### EXCERPTED RECORDS

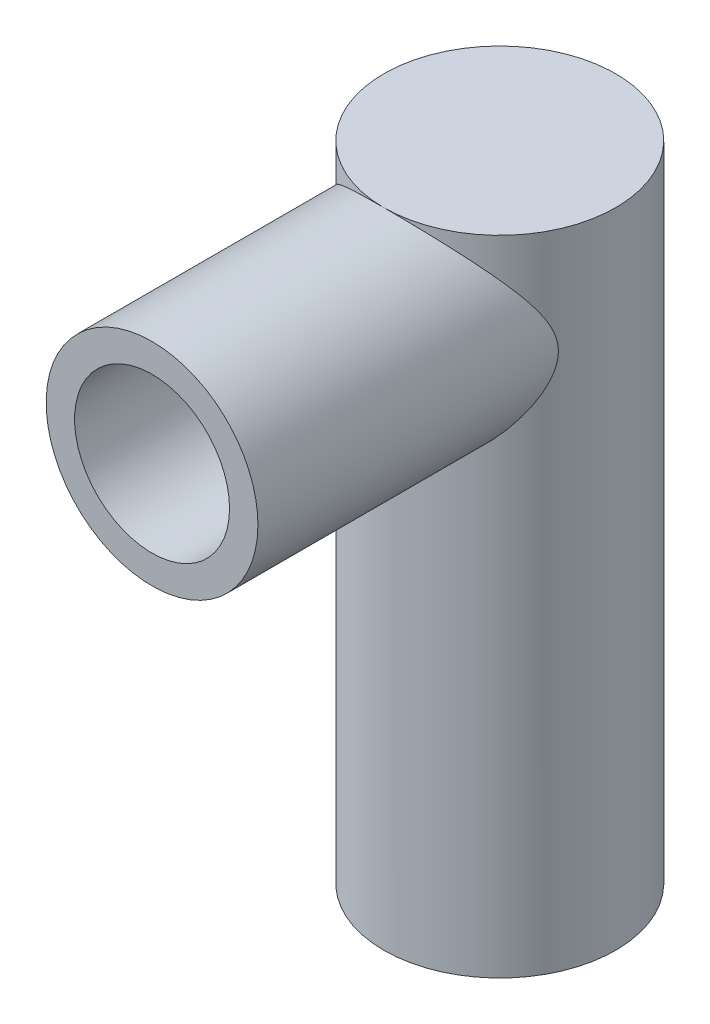
ISO-10303-21;
HEADER;
FILE_DESCRIPTION(('STEP AP214'),'2;1');
FILE_NAME('part.step','',(''),(''),'','','');
FILE_SCHEMA(('AUTOMOTIVE_DESIGN { 1 0 10303 214 1 1 1 1 }'));
ENDSEC;
DATA;
#1=APPLICATION_CONTEXT('core data for automotive mechanical design processes');
#2=APPLICATION_PROTOCOL_DEFINITION('international standard','automotive_design',2000,#1);
#3=PRODUCT_CONTEXT('',#1,'mechanical');
#4=PRODUCT('Part','Part','',(#3));
#5=PRODUCT_RELATED_PRODUCT_CATEGORY('part','',(#4));
#6=PRODUCT_DEFINITION_FORMATION('','',#4);
#7=PRODUCT_DEFINITION_CONTEXT('part definition',#1,'design');
#8=PRODUCT_DEFINITION('design','',#6,#7);
#9=PRODUCT_DEFINITION_SHAPE('','',#8);
#10=(LENGTH_UNIT() NAMED_UNIT(*) SI_UNIT(.MILLI.,.METRE.));
#11=(NAMED_UNIT(*) PLANE_ANGLE_UNIT() SI_UNIT($,.RADIAN.));
#12=(NAMED_UNIT(*) SI_UNIT($,.STERADIAN.) SOLID_ANGLE_UNIT());
#13=UNCERTAINTY_MEASURE_WITH_UNIT(LENGTH_MEASURE(1.E-05),#10,'distance_accuracy_value','');
#14=(GEOMETRIC_REPRESENTATION_CONTEXT(3) GLOBAL_UNCERTAINTY_ASSIGNED_CONTEXT((#13)) GLOBAL_UNIT_ASSIGNED_CONTEXT((#10,
#11,#12)) REPRESENTATION_CONTEXT('',''));
#15=CARTESIAN_POINT('',(0.,0.,0.));
#16=DIRECTION('',(0.,0.,1.));
#17=DIRECTION('',(1.,0.,0.));
#18=AXIS2_PLACEMENT_3D('',#15,#16,#17);
#19=CARTESIAN_POINT('',(0.,70.894,57.15));
#20=DIRECTION('',(0.,0.,-1.));
#21=DIRECTION('',(-1.,0.,0.));
#22=AXIS2_PLACEMENT_3D('',#19,#20,#21);
#23=CYLINDRICAL_SURFACE('',#22,13.97);
#24=CARTESIAN_POINT('',(-13.97,70.894,6.23931887308221));
#25=CARTESIAN_POINT('',(-13.9699990349045,70.6933079458446,6.23932299929133));
#26=CARTESIAN_POINT('',(-13.9656599230639,70.49259124547,6.24906420810483));
#27=CARTESIAN_POINT('',(-13.9484691382481,70.0933277395072,6.28733873444112));
#28=CARTESIAN_POINT('',(-13.9356152769912,69.8947815050636,6.31587688274692));
#29=CARTESIAN_POINT('',(-13.9017825528397,69.5009637799539,6.38999900006333));
#30=CARTESIAN_POINT('',(-13.8807765728528,69.3057055122673,6.43563984159803));
#31=CARTESIAN_POINT('',(-13.8312157986661,68.9201211566944,6.54147381367249));
#32=CARTESIAN_POINT('',(-13.80265695404,68.7297977755881,6.60167475096911));
#33=CARTESIAN_POINT('',(-13.7224468027855,68.2601341908785,6.7673188069534));
#34=CARTESIAN_POINT('',(-13.6664074032643,67.9842041999425,6.88028255375285));
#35=CARTESIAN_POINT('',(-13.540235069185,67.4443771535598,7.12538077910599));
#36=CARTESIAN_POINT('',(-13.4700922630546,67.1804886861115,7.25752866734243));
#37=CARTESIAN_POINT('',(-13.3165993575885,66.6629060609653,7.53548158689863));
#38=CARTESIAN_POINT('',(-13.2332071702305,66.4092477335749,7.6813295129726));
#39=CARTESIAN_POINT('',(-13.0540916520898,65.9118879159973,7.98193708838935));
#40=CARTESIAN_POINT('',(-12.958370246788,65.6681848788818,8.13669534410392));
#41=CARTESIAN_POINT('',(-12.7656850709909,65.2148927281736,8.43537042214138));
#42=CARTESIAN_POINT('',(-12.6699138226311,65.0044138878877,8.57871253495059));
#43=CARTESIAN_POINT('',(-12.4689297167072,64.5900572748894,8.86830857254741));
#44=CARTESIAN_POINT('',(-12.363715653151,64.3861803498805,9.0145628674039));
#45=CARTESIAN_POINT('',(-12.0338736142519,63.783671973665,9.45571481959765));
#46=CARTESIAN_POINT('',(-11.7951145717497,63.3943238645232,9.75289283446715));
#47=CARTESIAN_POINT('',(-11.2800648569595,62.6399561002252,10.3442734798289));
#48=CARTESIAN_POINT('',(-11.0038191621537,62.274908059854,10.6384792288098));
#49=CARTESIAN_POINT('',(-10.4128553263183,61.5695790731589,11.2175509220296));
#50=CARTESIAN_POINT('',(-10.0981575485708,61.2292851686762,11.5024217093339));
#51=CARTESIAN_POINT('',(-9.51294191750118,60.657407559541,11.9875013094165));
#52=CARTESIAN_POINT('',(-9.25100196079496,60.4198898741232,12.1910945184502));
#53=CARTESIAN_POINT('',(-8.70471424316807,59.9616658717928,12.5869654460559));
#54=CARTESIAN_POINT('',(-8.42036674850973,59.7409593551792,12.7792432990375));
#55=CARTESIAN_POINT('',(-7.82970587500243,59.3186720275089,13.1494115048295));
#56=CARTESIAN_POINT('',(-7.52342401914351,59.117064699549,13.3273217531013));
#57=CARTESIAN_POINT('',(-6.88896001952256,58.7350462140348,13.6660697780838));
#58=CARTESIAN_POINT('',(-6.56078274578813,58.5546303675053,13.82691133077));
#59=CARTESIAN_POINT('',(-5.95134791041924,58.2514579517419,14.0982042407134));
#60=CARTESIAN_POINT('',(-5.67385034765176,58.1243890638392,14.2122971847077));
#61=CARTESIAN_POINT('',(-5.10636305459066,57.8870595954507,14.4259115410679));
#62=CARTESIAN_POINT('',(-4.81637606980784,57.7767953447987,14.5254361350023));
#63=CARTESIAN_POINT('',(-4.22519351106887,57.5746084377894,14.7082776135257));
#64=CARTESIAN_POINT('',(-3.92400155751894,57.4826799170582,14.7915996800054));
#65=CARTESIAN_POINT('',(-3.31197231665064,57.318577373006,14.9405492852526));
#66=CARTESIAN_POINT('',(-3.00113492485017,57.2464035637567,15.0061766322712));
#67=CARTESIAN_POINT('',(-2.3698510460189,57.1226957676162,15.1187717301246));
#68=CARTESIAN_POINT('',(-2.04935500236181,57.0712998839121,15.1656146114938));
#69=CARTESIAN_POINT('',(-1.40325074318314,56.9908437079278,15.2389823035442));
#70=CARTESIAN_POINT('',(-1.07764251415582,56.9617834746657,15.2655070605382));
#71=CARTESIAN_POINT('',(-0.424258441281996,56.9266127009074,15.2976127666046));
#72=CARTESIAN_POINT('',(-0.0964833182359265,56.920494879137,15.3032003605413));
#73=CARTESIAN_POINT('',(0.558350037975512,56.9313228631496,15.2933138058846));
#74=CARTESIAN_POINT('',(0.885408324567752,56.948266887195,15.2778412843768));
#75=CARTESIAN_POINT('',(1.50201731442853,57.0019001877328,15.2289012444401));
#76=CARTESIAN_POINT('',(1.79193027018615,57.0363518730416,15.19747330253));
#77=CARTESIAN_POINT('',(2.36687096178558,57.1228954892666,15.1186011846928));
#78=CARTESIAN_POINT('',(2.65189910787412,57.174985931103,15.0711583607575));
#79=CARTESIAN_POINT('',(3.21537302852715,57.2960098830923,14.9610762829523));
#80=CARTESIAN_POINT('',(3.49381819791028,57.3649449352389,14.8984356378433));
#81=CARTESIAN_POINT('',(4.04264976154333,57.5186827305493,14.7589690142494));
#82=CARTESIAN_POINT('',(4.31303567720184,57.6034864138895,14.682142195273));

######

EXERCISE DESCRIPTION:
Please set down only the lines from the first line of the records above through the line that has "#12=(NAMED_UNIT(*) SI_UNIT($,.STERADIAN.) SOLID_ANGLE_UNIT());", exactly, and not the pictures.

ANSWER TO THE PROBLEM:
ISO-10303-21;
HEADER;
FILE_DESCRIPTION(('STEP AP214'),'2;1');
FILE_NAME('part.step','',(''),(''),'','','');
FILE_SCHEMA(('AUTOMOTIVE_DESIGN { 1 0 10303 214 1 1 1 1 }'));
ENDSEC;
DATA;
#1=APPLICATION_CONTEXT('core data for automotive mechanical design processes');
#2=APPLICATION_PROTOCOL_DEFINITION('international standard','automotive_design',2000,#1);
#3=PRODUCT_CONTEXT('',#1,'mechanical');
#4=PRODUCT('Part','Part','',(#3));
#5=PRODUCT_RELATED_PRODUCT_CATEGORY('part','',(#4));
#6=PRODUCT_DEFINITION_FORMATION('','',#4);
#7=PRODUCT_DEFINITION_CONTEXT('part definition',#1,'design');
#8=PRODUCT_DEFINITION('design','',#6,#7);
#9=PRODUCT_DEFINITION_SHAPE('','',#8);
#10=(LENGTH_UNIT() NAMED_UNIT(*) SI_UNIT(.MILLI.,.METRE.));
#11=(NAMED_UNIT(*) PLANE_ANGLE_UNIT() SI_UNIT($,.RADIAN.));
#12=(NAMED_UNIT(*) SI_UNIT($,.STERADIAN.) SOLID_ANGLE_UNIT());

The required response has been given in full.